Playing matchmaker for your zucchini, and other tips for a summer garden favorite

Backyard vegetable gardeners often have questions about zucchini

Some of the most common questions I’m asked by backyard vegetable growers concern zucchini. The plants either produce like crazy, inspiring memes about gardeners anonymously leaving overflow harvests on their neighbors’ doorsteps, or they don’t produce any zucchini at all.

Sometimes, healthy, vigorous plants keel over and die overnight.

As with nearly everything in the garden, the best defense is a good offense — and early identification is key.

Squash sex ed

Zucchini are monoecious, which means every plant produces both male and female flowers. So only one plant is needed for pollination to occur. However, because male and female blossoms operate on different timetables, especially early in the season, they aren’t necessarily open and feeling frisky at the same time. Unpollinated female flowers either drop off the plant or begin to grow into a zucchini that withers after raising your hopes.

As the season progresses, however, both sexes usually bloom together, allowing insects to transport pollen from males to females, leading to the growth of fruit. But that doesn’t always happen, particularly when excessive heat reduces the viability of pollen.

It’s times like those when you, as gardener, are called upon to play matchmaker. But first, you’ll need to tell them apart: If you look closely, you’ll see that males are attached to the plant by a simple stem; females have a swollen base that will grow into zucchini after pollination.

When flowers are open in the morning, remove an open male flower and pull off its petals, leaving only the pollen-covered yellow stamen on the stem. Dab that pollen onto the center of each open female flower to pollinate it. That’s all there is to it.

Diseases, or not

Some growers become concerned when white spots appear on their plants’ leaves. Usually, they’re just a normal sign of maturity, as the foliage develops silvery blotches as it ages.

But they could also be indicative of powdery mildew. An easy way to tell the difference is to attempt to rub off the discoloration. If it can be removed, it’s mildew, which thrives in high humidity.

The best way to remove powdery mildew is to wash it away with water, but don’t allow water to sit on leaves overnight, as this would encourage more mildew growth. If you can dry each leaf with a soft cloth afterward, all the better, but it’s not necessary if you do your rinsing in the morning.

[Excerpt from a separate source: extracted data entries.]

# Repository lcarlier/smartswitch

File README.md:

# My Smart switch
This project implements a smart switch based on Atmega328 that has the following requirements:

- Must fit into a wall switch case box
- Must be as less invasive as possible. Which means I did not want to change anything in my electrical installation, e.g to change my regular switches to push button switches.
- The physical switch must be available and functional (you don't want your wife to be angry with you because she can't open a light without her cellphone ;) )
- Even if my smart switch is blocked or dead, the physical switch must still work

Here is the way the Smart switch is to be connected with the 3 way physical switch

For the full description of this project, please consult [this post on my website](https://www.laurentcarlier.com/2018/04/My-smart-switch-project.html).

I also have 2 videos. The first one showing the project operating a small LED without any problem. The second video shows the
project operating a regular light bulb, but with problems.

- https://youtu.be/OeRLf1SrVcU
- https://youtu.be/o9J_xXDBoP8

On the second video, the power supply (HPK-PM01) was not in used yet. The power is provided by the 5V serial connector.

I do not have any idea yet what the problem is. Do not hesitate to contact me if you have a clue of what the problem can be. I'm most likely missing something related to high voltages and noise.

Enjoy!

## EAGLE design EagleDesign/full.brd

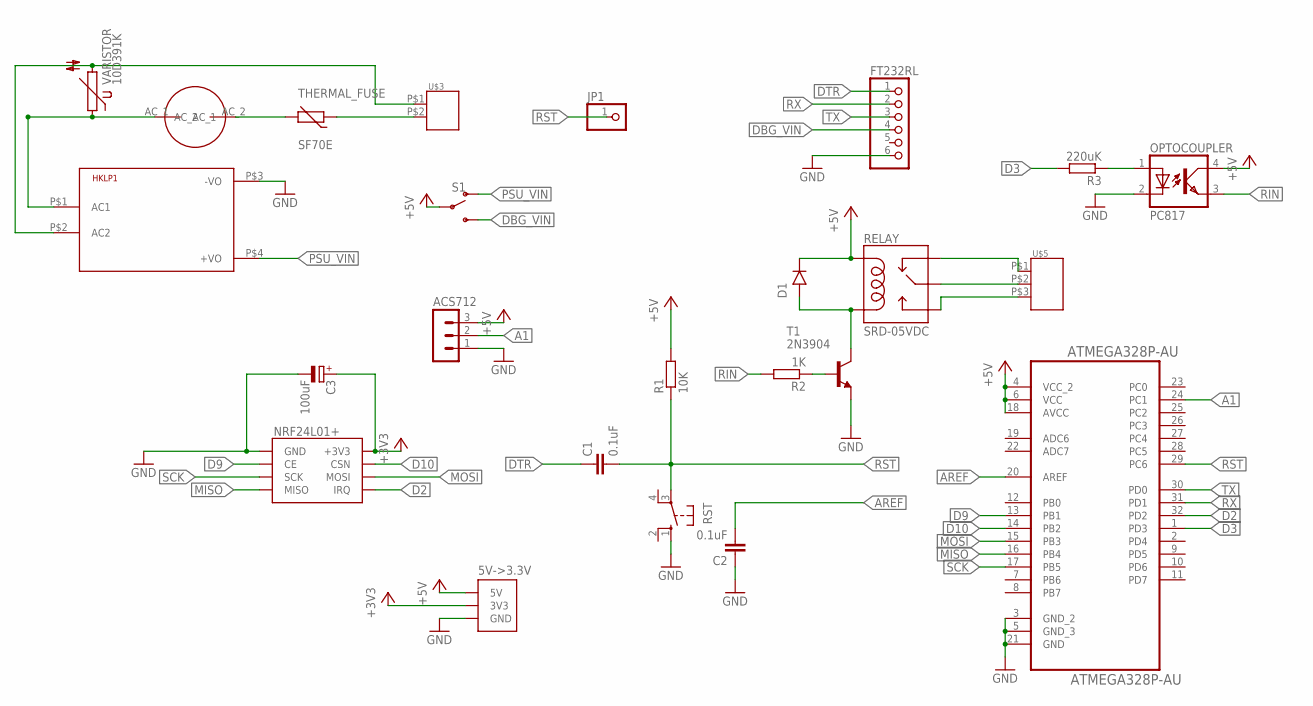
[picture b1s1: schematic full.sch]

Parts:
5V->3.3V: AMS1117_VERT
ACS712: MA03-1
ATMEGA328P-AU: ATMEGA328P-AU; QFP80P900X900X120-32N
C1, C2: 0.1uF; C050-030X075
C3: 100uF; E2,5-6
D1: 1N4001; DO41-10
FT232RL: PINHD-1X6; 1X06
FUSE: R3-24
HKLP1: HKLPM01
JP1: PINHD-1X1; 1X01
NRF24L01+: RADIO_NRF24L1; NRF24L1
OPTOCOUPLER: PC817; DIL04
R1: 10K; 0204/5
R2: 1K; 0204/5
R3: 220uK; 0204/5
RELAY: SRD-05VDC; SRD-05VDC-SL-C
RST: 10-XX; B3F-10XX
S1: SWITCH-SPDT-PTH-11.6X4.0MM; SWITCH_SPDT_PTH_11.6X4.0MM
T1: 2N3904; TO92
THERMAL_FUSE: SF70E; R-7,5
U$3: CONNECTOR_2SCREW; SCREW_2
U$5: CONNECTOR_3SCREW; SCREW_3
VARISTOR: 10D391K; S10K385

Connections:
+3V3: 5V->3.3V.3V3, C3.+, NRF24L01+.+3V3
+5V: 5V->3.3V.5V, ACS712.3, ATMEGA328P-AU.4 (VCC_2), ATMEGA328P-AU.6 (VCC), ATMEGA328P-AU.18 (AVCC), D1.C (CATHODE), OPTOCOUPLER.4 (COL), R1.2, RELAY.COIL1, S1.2
A1: ACS712.2, ATMEGA328P-AU.24 (PC1)
AC1_F: FUSE.AC_1, HKLP1.P$1 (AC1), VARISTOR.1
AC2: HKLP1.P$2 (AC2), U$3.P$1 (1), VARISTOR.2
AREF: ATMEGA328P-AU.20 (AREF), C2.2
D2: ATMEGA328P-AU.32 (PD2), NRF24L01+.IRQ
D3: ATMEGA328P-AU.1 (PD3), R3.2
D9: ATMEGA328P-AU.13 (PB1), NRF24L01+.CE
D10: ATMEGA328P-AU.14 (PB2), NRF24L01+.CSN
DBG_VIN: FT232RL.4, S1.3 (S)
DTR: C1.1, FT232RL.1
FU_IN: FUSE.AC_2, THERMAL_FUSE.2
GND: 5V->3.3V.GND, ACS712.1, ATMEGA328P-AU.3 (GND_2), ATMEGA328P-AU.5 (GND_3), ATMEGA328P-AU.21 (GND), C2.1, C3.-, FT232RL.6, HKLP1.P$3 (-VO), NRF24L01+.GND, OPTOCOUPLER.2 (C), RST.1 (S), T1.3 (E)
MISO: ATMEGA328P-AU.16 (PB4), NRF24L01+.MISO
MOSI: ATMEGA328P-AU.15 (PB3), NRF24L01+.MOSI
OPTO_IN: OPTOCOUPLER.1 (A), R3.1
PSU_VIN: HKLP1.P$4 (+VO), S1.1 (O)
RIN: OPTOCOUPLER.3 (EMIT), R2.2
RST: ATMEGA328P-AU.29 (PC6), C1.2, JP1.1, R1.1, RST.3
RX: ATMEGA328P-AU.31 (PD1), FT232RL.2
R_CENTER: RELAY.SWCOMMON, U$5.P$2 (2)
R_IN: D1.A (ANODE), RELAY.COIL0, T1.1 (C)
R_LEFT: RELAY.SWOPEN, U$5.P$3 (3)
R_RIGHT: RELAY.SWCLOSED (SWCLOSE), U$5.P$1 (1)
SCK: ATMEGA328P-AU.17 (PB5), NRF24L01+.SCK
TR_IN: THERMAL_FUSE.1, U$3.P$2 (2)
TX: ATMEGA328P-AU.30 (PD0), FT232RL.3
T_IN: R2.1, T1.2 (B)

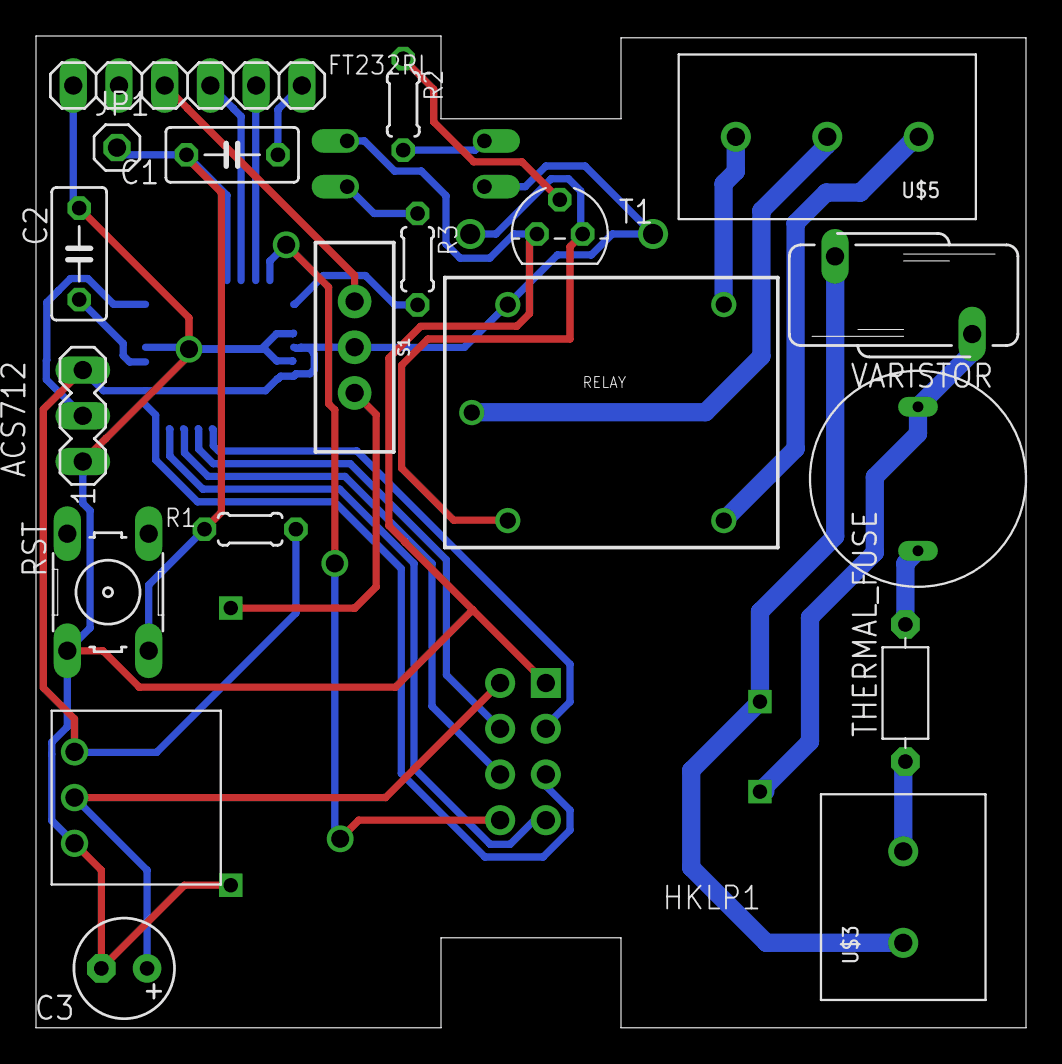
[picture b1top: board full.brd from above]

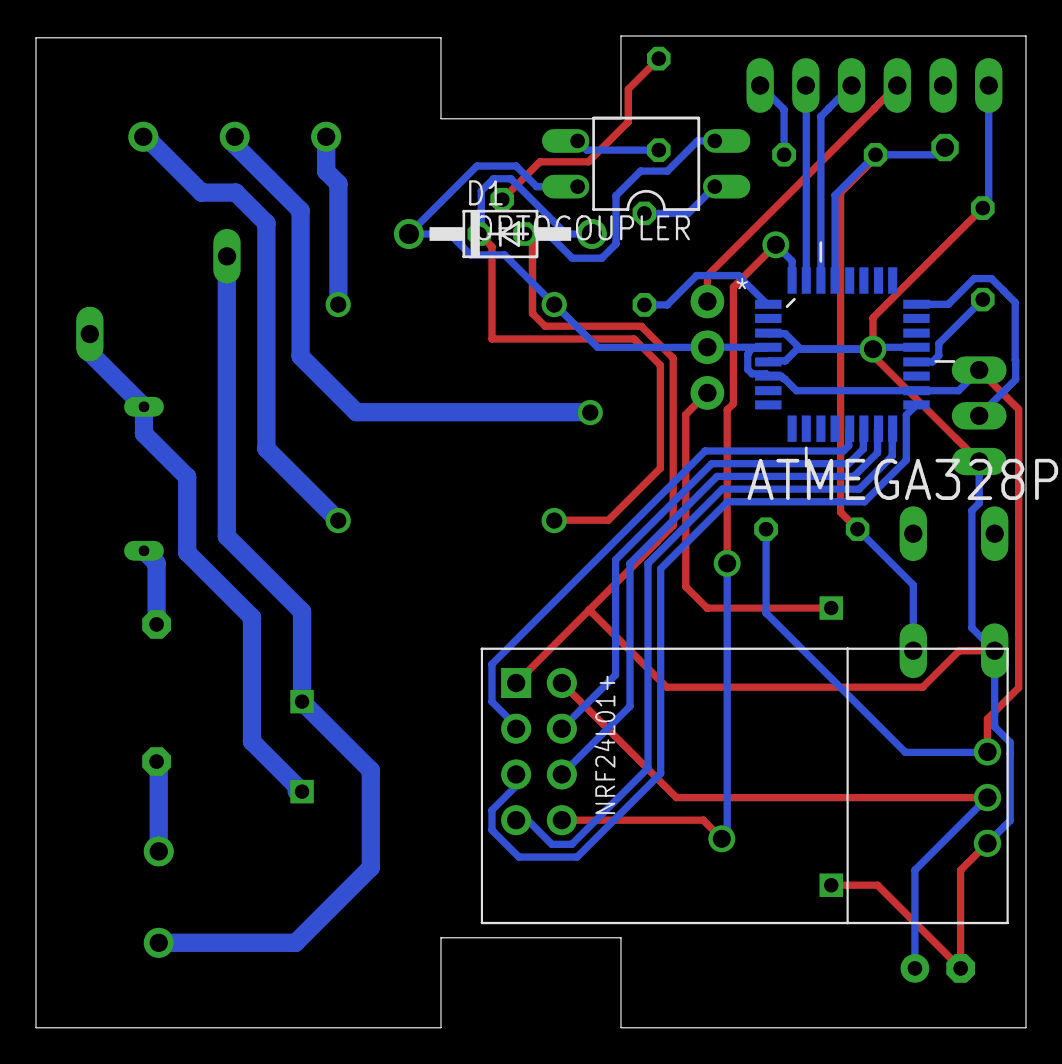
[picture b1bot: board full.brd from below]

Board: 2 copper layers, 55.0 x 55.1 mm, 24 parts (4 on the bottom side), 29 nets.

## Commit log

2018-05-11 upload V2 of design
2018-06-04 add smart switch connection
2018-06-04 remove extra text shown in readme
2018-06-04 use image version from OpenHardware.io
2018-06-09 update smart switch image
2018-06-09 rename smart switch connection to be able to update on openhardware.io
2018-06-09 update smart switch connection image on readme

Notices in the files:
parts and their libraries:
SparkFun-Switches: Licensing: Creative Commons ShareAlike 4.0 International - https://creativecommons.org/licenses/by-sa/4.0

Mildew diseases can be prevented by spacing plants sufficiently apart so that moisture doesn’t become trapped between crowded leaves; by opting for drip irrigation instead of overhead watering; and by watering early in the morning to allow a full day’s worth of sunshine to dry leaves before dark.

Pests

If you see small spots instead of blotches, they could be caused by leafhoppers (usually not a threat to zucchini), spider mites (accompanied by tell-tale webbing between leaves), whiteflies (which fly away when disturbed; apply insecticidal soap for control) or thrips (which feed on spider mites, so you can leave them be).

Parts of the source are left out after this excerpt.